--- Description of the task ---
Leave the pictures out and reproduce all the entries word for word.

(Records from a data source)

###

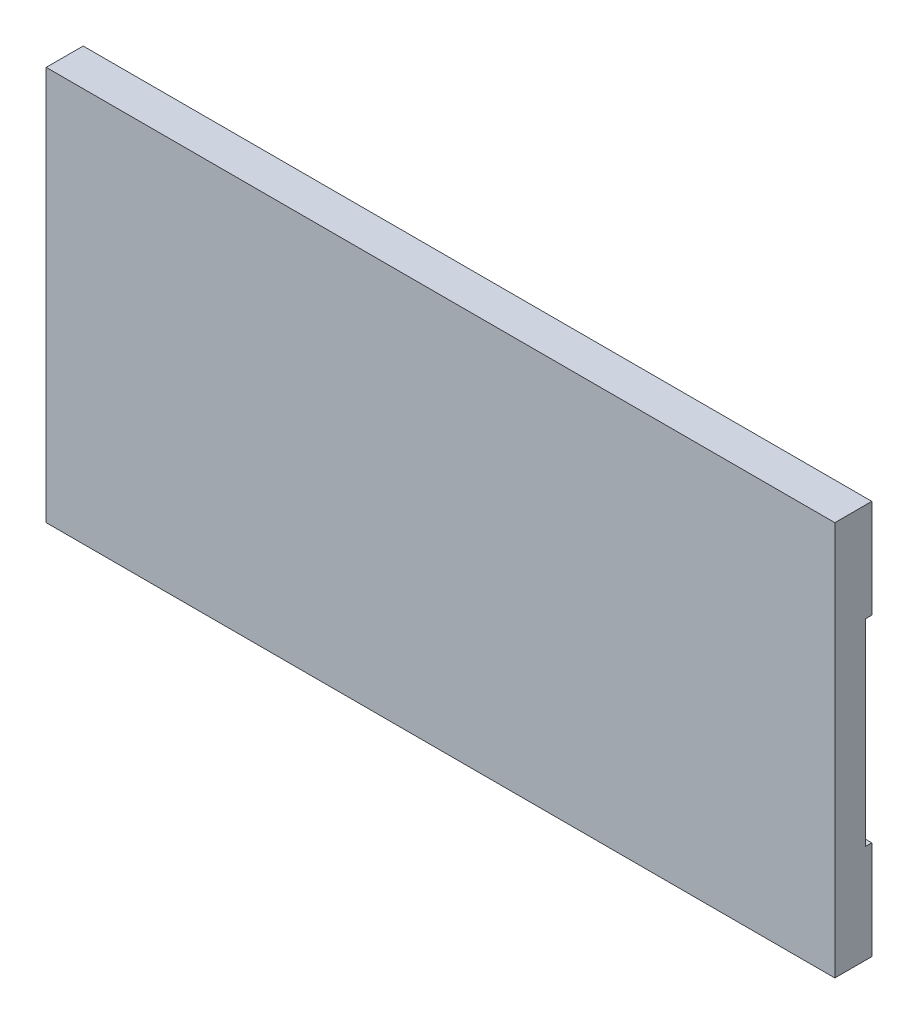
SolidWorks part; units mm, degrees
ref_plane "Front" through (0, 0, 0) normal (0, 0, 1) x (1, 0, 0)
ref_plane "Top" through (0, 0, 0) normal (0, 1, 0) x (1, 0, 0)
ref_plane "Right" through (0, 0, 0) normal (1, 0, 0) x (0, 0, -1)
sketch "Sketch1" plane through (0, 0, 0) normal (0, 0, 1) x (1, 0, 0)
  line L1 (0, 0) -> (203.2, 0)
  line L2 (0, 0) -> (0, 101.6)
  line L3 (0, 101.6) -> (203.2, 101.6)
  line L4 (203.2, 0) -> (203.2, 101.6)
  dimension "D1" = 101.6
  dimension "D2" = 203.2
extrude "Boss-Extrude1" add sketch "Sketch1" along normal blind 9.525
sketch "Sketch2" plane through (0, 0, 0) normal (1, 0, 0) x (0, 0, -1)
  line L0 (0, 0) -> (0, 101.6) construction
  line L1 (0, 76.2) -> (-1.5875, 76.2)
  line L2 (0, 76.2) -> (0, 25.4)
  line L3 (0, 25.4) -> (-1.5875, 25.4)
  line L4 (-1.5875, 76.2) -> (-1.5875, 25.4)
  line L5 (-9.525, 101.6) -> (0, 101.6) construction
  dimension "D1" = 25.4
  dimension "D2" = 50.8
  dimension "D3" = 1.5875
extrude "Cut-Extrude1" cut sketch "Sketch2" against normal through all and the other way through all from offset 60.325
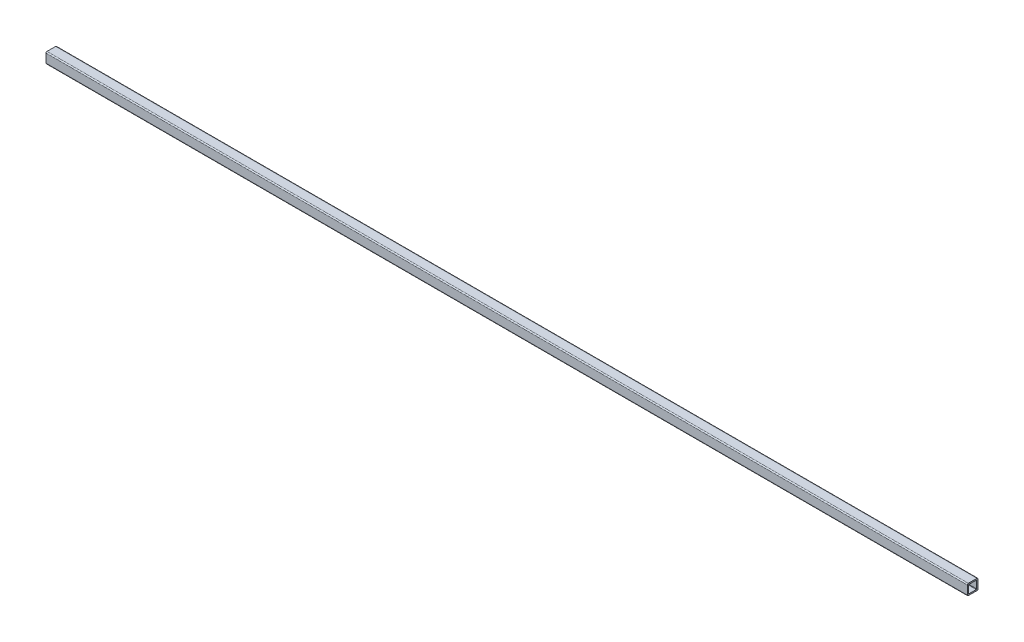
SolidWorks part; units mm, degrees
ref_plane "Front Plane" through (0, 0, 0) normal (0, 0, 1) x (1, 0, 0)
ref_plane "Top Plane" through (0, 0, 0) normal (0, 1, 0) x (1, 0, 0)
ref_plane "Right Plane" through (0, 0, 0) normal (1, 0, 0) x (0, 0, -1)
sketch "Sketch3" plane through (0, 0, 0) normal (1, 0, 0) x (0, 0, -1)
  line L1 (-12.7, 12.7) -> (12.7, 12.7)
  line L2 (-12.7, 12.7) -> (-12.7, -12.7)
  line L3 (-12.7, -12.7) -> (12.7, -12.7)
  line L4 (12.7, 12.7) -> (12.7, -12.7)
  line L5 (-12.7, 12.7) -> (12.7, -12.7) construction
  line L6 (-12.7, -12.7) -> (12.7, 12.7) construction
  line L7 (-9.652, -9.652) -> (9.652, -9.652)
  line L8 (-9.652, -9.652) -> (-9.652, 9.652)
  line L9 (-9.652, 9.652) -> (9.652, 9.652)
  line L10 (9.652, -9.652) -> (9.652, 9.652)
  line L11 (-9.652, -9.652) -> (9.652, 9.652) construction
  line L12 (-9.652, 9.652) -> (9.652, -9.652) construction
  point P0 (0, 0)
  point P6 (0, 0)
  dimension "D1" = 25.4
  dimension "D2" = 19.304
  dimension "D3" = 19.304
  dimension "D4" = 25.4
extrude "Boss-Extrude1" add sketch "Sketch3" against normal blind 2185.66
fillet "Fillet1" radius 2.5 4 edges at (-1092.83, -12.7, -12.7) (-1092.83, -12.7, 12.7) (-1092.83, 12.7, -12.7) (-1092.83, 12.7, 12.7)
fillet "Fillet2" radius 1 4 edges at (-1092.83, -9.652, -9.652) (-1092.83, 9.652, -9.652) (-1092.83, 9.652, 9.652) (-1092.83, -9.652, 9.652)

###

--- Written answer ---
SolidWorks part; units mm, degrees
ref_plane "Front" through (0, 0, 0) normal (0, 0, 1) x (1, 0, 0)
ref_plane "Top" through (0, 0, 0) normal (0, 1, 0) x (1, 0, 0)
ref_plane "Right" through (0, 0, 0) normal (1, 0, 0) x (0, 0, -1)
sketch "Sketch1" plane through (0, 0, 0) normal (0, 0, 1) x (1, 0, 0)
  line L1 (0, 0) -> (203.2, 0)
  line L2 (0, 0) -> (0, 101.6)
  line L3 (0, 101.6) -> (203.2, 101.6)
  line L4 (203.2, 0) -> (203.2, 101.6)
  dimension "D1" = 101.6
  dimension "D2" = 203.2
extrude "Boss-Extrude1" add sketch "Sketch1" along normal blind 9.525
sketch "Sketch2" plane through (0, 0, 0) normal (1, 0, 0) x (0, 0, -1)
  line L0 (0, 0) -> (0, 101.6) construction
  line L1 (0, 76.2) -> (-1.5875, 76.2)
  line L2 (0, 76.2) -> (0, 25.4)
  line L3 (0, 25.4) -> (-1.5875, 25.4)
  line L4 (-1.5875, 76.2) -> (-1.5875, 25.4)
  line L5 (-9.525, 101.6) -> (0, 101.6) construction
  dimension "D1" = 25.4
  dimension "D2" = 50.8
  dimension "D3" = 1.5875
extrude "Cut-Extrude1" cut sketch "Sketch2" against normal through all and the other way through all from offset 60.325
SolidWorks part; units mm, degrees
ref_plane "Front Plane" through (0, 0, 0) normal (0, 0, 1) x (1, 0, 0)
ref_plane "Top Plane" through (0, 0, 0) normal (0, 1, 0) x (1, 0, 0)
ref_plane "Right Plane" through (0, 0, 0) normal (1, 0, 0) x (0, 0, -1)
sketch "Sketch3" plane through (0, 0, 0) normal (1, 0, 0) x (0, 0, -1)
  line L1 (-12.7, 12.7) -> (12.7, 12.7)
  line L2 (-12.7, 12.7) -> (-12.7, -12.7)
  line L3 (-12.7, -12.7) -> (12.7, -12.7)
  line L4 (12.7, 12.7) -> (12.7, -12.7)
  line L5 (-12.7, 12.7) -> (12.7, -12.7) construction
  line L6 (-12.7, -12.7) -> (12.7, 12.7) construction
  line L7 (-9.652, -9.652) -> (9.652, -9.652)
  line L8 (-9.652, -9.652) -> (-9.652, 9.652)
  line L9 (-9.652, 9.652) -> (9.652, 9.652)
  line L10 (9.652, -9.652) -> (9.652, 9.652)
  line L11 (-9.652, -9.652) -> (9.652, 9.652) construction
  line L12 (-9.652, 9.652) -> (9.652, -9.652) construction
  point P0 (0, 0)
  point P6 (0, 0)
  dimension "D1" = 25.4
  dimension "D2" = 19.304
  dimension "D3" = 19.304
  dimension "D4" = 25.4
extrude "Boss-Extrude1" add sketch "Sketch3" against normal blind 2185.66
fillet "Fillet1" radius 2.5 4 edges at (-1092.83, -12.7, -12.7) (-1092.83, -12.7, 12.7) (-1092.83, 12.7, -12.7) (-1092.83, 12.7, 12.7)
fillet "Fillet2" radius 1 4 edges at (-1092.83, -9.652, -9.652) (-1092.83, 9.652, -9.652) (-1092.83, 9.652, 9.652) (-1092.83, -9.652, 9.652)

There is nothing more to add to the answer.